As for the WinBUGS model above, we will also keep tabs on the proportions of total variance for the random and spatial components:

# Marginal SD of heterogeniety effects
sd_h = Lambda('sd_h', lambda theta=theta: np.std(theta))
# Marginal SD of clustering (spatial) effects
sd_c = Lambda('sd_c', lambda phi=phi: np.std(phi))
# Proportion sptial variance
alpha = Lambda('alpha', lambda sd_h=sd_h,sd_c=sd_c: sd_c/(sd_h+sd_c))

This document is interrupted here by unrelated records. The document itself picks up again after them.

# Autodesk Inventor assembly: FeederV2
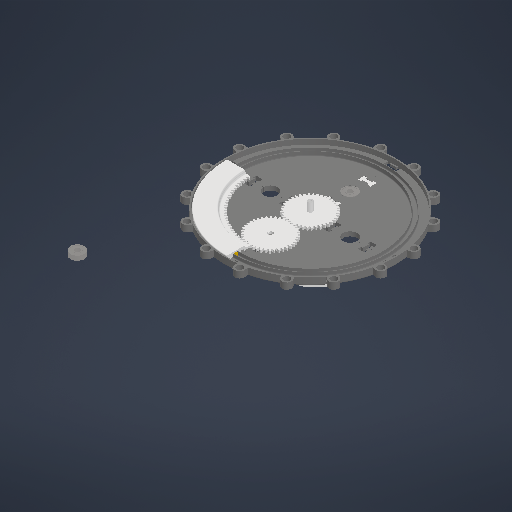
[picture p0: Inventor's stored thumbnail of the model, 512x512]
Saved by Autodesk Inventor 2026 (Build 300175050, 175E)
## iProperties
Created: 2026-03-26
Part Number: FeederV2
Document SubType Name: Assembly
Designer: sniel
Author: sniel
## Documents named in this file (27)
- C:\Users\sniel\OneDrive\SDU\4_Semester\Applied automation\AppliedAutomationProject\feeder\FeederV2.iam
- C:\Users\sniel\OneDrive\SDU\4_Semester\Applied automation\AppliedAutomationProject\feeder\base plate.ipt
- C:\Users\sniel\OneDrive\SDU\4_Semester\Applied automation\AppliedAutomationProject\feeder\outerspinnerV3.ipt
- C:\Users\sniel\OneDrive\SDU\4_Semester\Applied automation\AppliedAutomationProject\feeder\gears1.ipt
- C:\Users\sniel\OneDrive\SDU\4_Semester\Applied automation\AppliedAutomationProject\feeder\FeederV2\Design Accelerator\Spur Gears5.iam
- C:\Users\sniel\OneDrive\SDU\4_Semester\Applied automation\AppliedAutomationProject\feeder\centrer centrifugal spinner.ipt
- C:\Users\sniel\OneDrive\SDU\4_Semester\Applied automation\AppliedAutomationProject\feeder\central axel.ipt
- C:\Users\sniel\OneDrive\SDU\4_Semester\Applied automation\AppliedAutomationProject\feeder\base frame.ipt
- C:\Users\sniel\OneDrive\SDU\4_Semester\Applied automation\AppliedAutomationProject\feeder\moon_gear_V1.ipt
- C:\Users\sniel\OneDrive\SDU\4_Semester\Applied automation\AppliedAutomationProject\feeder\primlock.ipt
- C:\Users\sniel\OneDrive\SDU\4_Semester\Applied automation\AppliedAutomationProject\feeder\outerdisk_pin.ipt
- C:\Users\sniel\OneDrive\SDU\4_Semester\Applied automation\AppliedAutomationProject\feeder\roll_ball_1.ipt
- C:\Users\sniel\OneDrive\SDU\4_Semester\Applied automation\AppliedAutomationProject\feeder\Leg_v1.ipt
- C:\Users\sniel\OneDrive\SDU\4_Semester\Applied automation\AppliedAutomationProject\feeder\main axel.ipt
- C:\Users\sniel\OneDrive\fritid\3D print\s-Toy\Plug\STL\ServoMotor.ipt
- C:\Users\sniel\OneDrive\SDU\4_Semester\Applied automation\AppliedAutomationProject\feeder\Base_frame_v2.ipt
- C:\Users\sniel\OneDrive\SDU\4_Semester\Applied automation\AppliedAutomationProject\feeder\Metal bearing.ipt
- C:\Users\sniel\OneDrive\SDU\4_Semester\Applied automation\AppliedAutomationProject\feeder\outerspinner_v3.ipt
- C:\Users\sniel\OneDrive\SDU\4_Semester\Applied automation\AppliedAutomationProject\feeder\FeederV2\Design Accelerator\Spur Gears11.iam
- C:\Users\sniel\OneDrive\SDU\4_Semester\Applied automation\AppliedAutomationProject\feeder\Central_axel_Gear.ipt
- C:\Users\sniel\OneDrive\SDU\4_Semester\Applied automation\AppliedAutomationProject\feeder\moon_gear_v2.ipt
- C:\Users\sniel\OneDrive\SDU\4_Semester\Applied automation\AppliedAutomationProject\feeder\halfAxel.ipt
- C:\Users\sniel\OneDrive\SDU\4_Semester\Applied automation\AppliedAutomationProject\feeder\TopSpinner_steep_angle_V2.ipt
- C:\Users\sniel\OneDrive\SDU\4_Semester\Applied automation\AppliedAutomationProject\feeder\STEP\45angleBase.ipt
- C:\Users\sniel\OneDrive\SDU\4_Semester\Applied automation\AppliedAutomationProject\feeder\FeederV2\Design Accelerator\Bevel Gears1.iam
- C:\Users\sniel\OneDrive\SDU\4_Semester\Applied automation\AppliedAutomationProject\feeder\FeederV2\Design Accelerator\Bevel Gears2.iam
- C:\Users\sniel\OneDrive\SDU\4_Semester\Applied automation\AppliedAutomationProject\feeder\FeederV2\Design Accelerator\Bevel Gears3.iam
## Components (32 placed, 23 different names)
1. base plate:1
2. outerspinnerV3:1 — Mate:1, Mate:2, Mate:3, Mate:4, Flush:2, Mate:6
3. gears1:1 — Mate:3
4. Spur Gears:4 [sub-assembly] — Mate:1, Mate:2
5. centrer centrifugal spinner:1 — Mate:4, Flush:1
6. central axel:1 — Flush:1, Mate:5, Flush:4
7. base frame:1 — Mate:5, Flush:2, Mate:6, Mate:7, Mate:8, Mate:9, Mate:11, Mate:12, Mate:13, Mate:14
8. moon_gear_V1:1 — Mate:7, Mate:8, Mate:10, Flush:3
9. moon_gear_V1:2 — Mate:9, Mate:11
10. primlock:1 — Mate:10, Flush:3
11. outerdisk_pin:1 — Mate:12
12. roll_ball_1:1
13. Leg_v1:1 — Mate:13, Mate:14
14. main axel:1 — Flush:4
15. ServoMotor:1 — Mate:15, Mate:16, Mate:17
16. Base_frame_v2:1 — Mate:15, Mate:16, Mate:17, Mate:18, Mate:19, Flush:7, Mate:20, Mate:22, Mate:23, Mate:24, Flush:8, Mate:26, Flush:9, Flush:10, Mate:28, Flush:13, Mate:29
17. Metal bearing:1
18. outerspinner_v3:1 — Mate:18, Mate:23, Flush:8
19. Spur Gears:5 [sub-assembly]
20. Central_axel_Gear:1 — Mate:19, Mate:20
21. moon_gear_v2:1 — Flush:7, Mate:22
22. Metal bearing:2 — Mate:24, Mate:25
23. halfAxel:1 — Mate:25
24. TopSpinner_steep_angle_V2:1
25. Base_frame_v2:2 — Mate:26, Flush:9, Flush:10, Mate:30, Mate:31, Flush:14, Mate:32, Flush:15
26. Base_frame_v2:3
27. Base_frame_v2:4 — Mate:28, Flush:13, Mate:29
28. 45angleBase:1 — Mate:30, Mate:31, Flush:14
29. Metal bearing:3 — Mate:32, Flush:15
30. Bevel Gears:1 [sub-assembly]
31. Bevel Gears:2 [sub-assembly]
32. Bevel Gears:3 [sub-assembly]
## Relationships (44: Mate 31, Flush 13)
- Mate:1: outerspinnerV3:1 ↔ Spur Gears:4
- Mate:2: outerspinnerV3:1 ↔ Spur Gears:4
- Mate:3: outerspinnerV3:1 ↔ gears1:1
- Mate:4: outerspinnerV3:1 ↔ centrer centrifugal spinner:1
- Flush:1: centrer centrifugal spinner:1 ↔ central axel:1
- Mate:5: central axel:1 ↔ base frame:1
- Flush:2: outerspinnerV3:1 ↔ base frame:1
- Mate:6: outerspinnerV3:1 ↔ base frame:1
- Mate:7: base frame:1 ↔ moon_gear_V1:1
- Mate:8: base frame:1 ↔ moon_gear_V1:1
- Mate:9: base frame:1 ↔ moon_gear_V1:2
- Mate:10: moon_gear_V1:1 ↔ primlock:1
- Flush:3: moon_gear_V1:1 ↔ primlock:1
- Mate:11: base frame:1 ↔ moon_gear_V1:2
- Mate:12: base frame:1 ↔ outerdisk_pin:1
- Mate:13: base frame:1 ↔ Leg_v1:1
- Mate:14: base frame:1 ↔ Leg_v1:1
- Flush:4: central axel:1 ↔ main axel:1
- Mate:15: ServoMotor:1 ↔ Base_frame_v2:1
- Mate:16: ServoMotor:1 ↔ Base_frame_v2:1
- Mate:17: ServoMotor:1 ↔ Base_frame_v2:1
- Mate:18: Base_frame_v2:1 ↔ outerspinner_v3:1
- Mate:19: Base_frame_v2:1 ↔ Central_axel_Gear:1
- Flush:7 (1 mm): Base_frame_v2:1 ↔ moon_gear_v2:1
- Mate:20 (1 mm): Base_frame_v2:1 ↔ Central_axel_Gear:1
- Mate:22: Base_frame_v2:1 ↔ moon_gear_v2:1
- Mate:23 (1 mm): Base_frame_v2:1 ↔ outerspinner_v3:1
- Mate:24: Base_frame_v2:1 ↔ Metal bearing:2
- Mate:25: Metal bearing:2 ↔ halfAxel:1
- Flush:8: Base_frame_v2:1 ↔ outerspinner_v3:1
- Mate:26: Base_frame_v2:1 ↔ Base_frame_v2:2
- Flush:9: Base_frame_v2:1 ↔ Base_frame_v2:2
- Flush:10: Base_frame_v2:1 ↔ Base_frame_v2:2
- [Mate]: Base_frame_v2:3 ↔ Base_frame_v2:4
- [Flush]: Base_frame_v2:3 ↔ Base_frame_v2:4
- [Flush]: Base_frame_v2:3 ↔ Base_frame_v2:4
- Mate:28: Base_frame_v2:1 ↔ Base_frame_v2:4
- Flush:13: Base_frame_v2:1 ↔ Base_frame_v2:4
- Mate:29: Base_frame_v2:1 ↔ Base_frame_v2:4
- Mate:30 (0.15 mm): Base_frame_v2:2 ↔ 45angleBase:1
- Mate:31 (0.15 mm): Base_frame_v2:2 ↔ 45angleBase:1
- Flush:14: Base_frame_v2:2 ↔ 45angleBase:1
- Mate:32: Base_frame_v2:2 ↔ Metal bearing:3
- Flush:15: Base_frame_v2:2 ↔ Metal bearing:3
## Named parameters: d53_d52 = 0 mm, d54_d50 = 0 mm, d55_d51 = 0 mm

All that remains is to run the two models in their various frameworks and compare to the results presented in Table 5.4 of (2, Banerjee et al.). Looks pretty good:

comparison

That is except the spatial precision tau_c is somewhat more precise in PyMC than WinBUGS. However the proportion of spatial variance is almost identical

$$ \alpha_{winbugs} = 0.57 [0.45, 0.67] $$
$$ \alpha_{pymc} = 0.57 [0.49, 0.65] $$
$$ \alpha_{banerjee} = 0.57 [0.46, 0.68] $$

Next up – time!


Bibliography

[1] Kemp I, Boyle P, Smans M, Muir C. Atlas of Cancer in Scotland, 1975–1980: Incidence and Epidemiologic Perspective. IARC Scientific Publication 72. Lyon, France: International Agency for Research on Cancer; 1985.

[2] Banerjee S, Carlin BP, Gelfand AE. Hierarchical Modeling and Analysis for Spatial Data. Boca Raton, FL: Chapman and Hall; 2004.

[3] Bernardinelli L, Clayton D, Montomoli C, Ghislandi M, Songini M. Bayesian estimates of disease maps: how important are priors. Statistics in Medicine 1995;14:2411-31.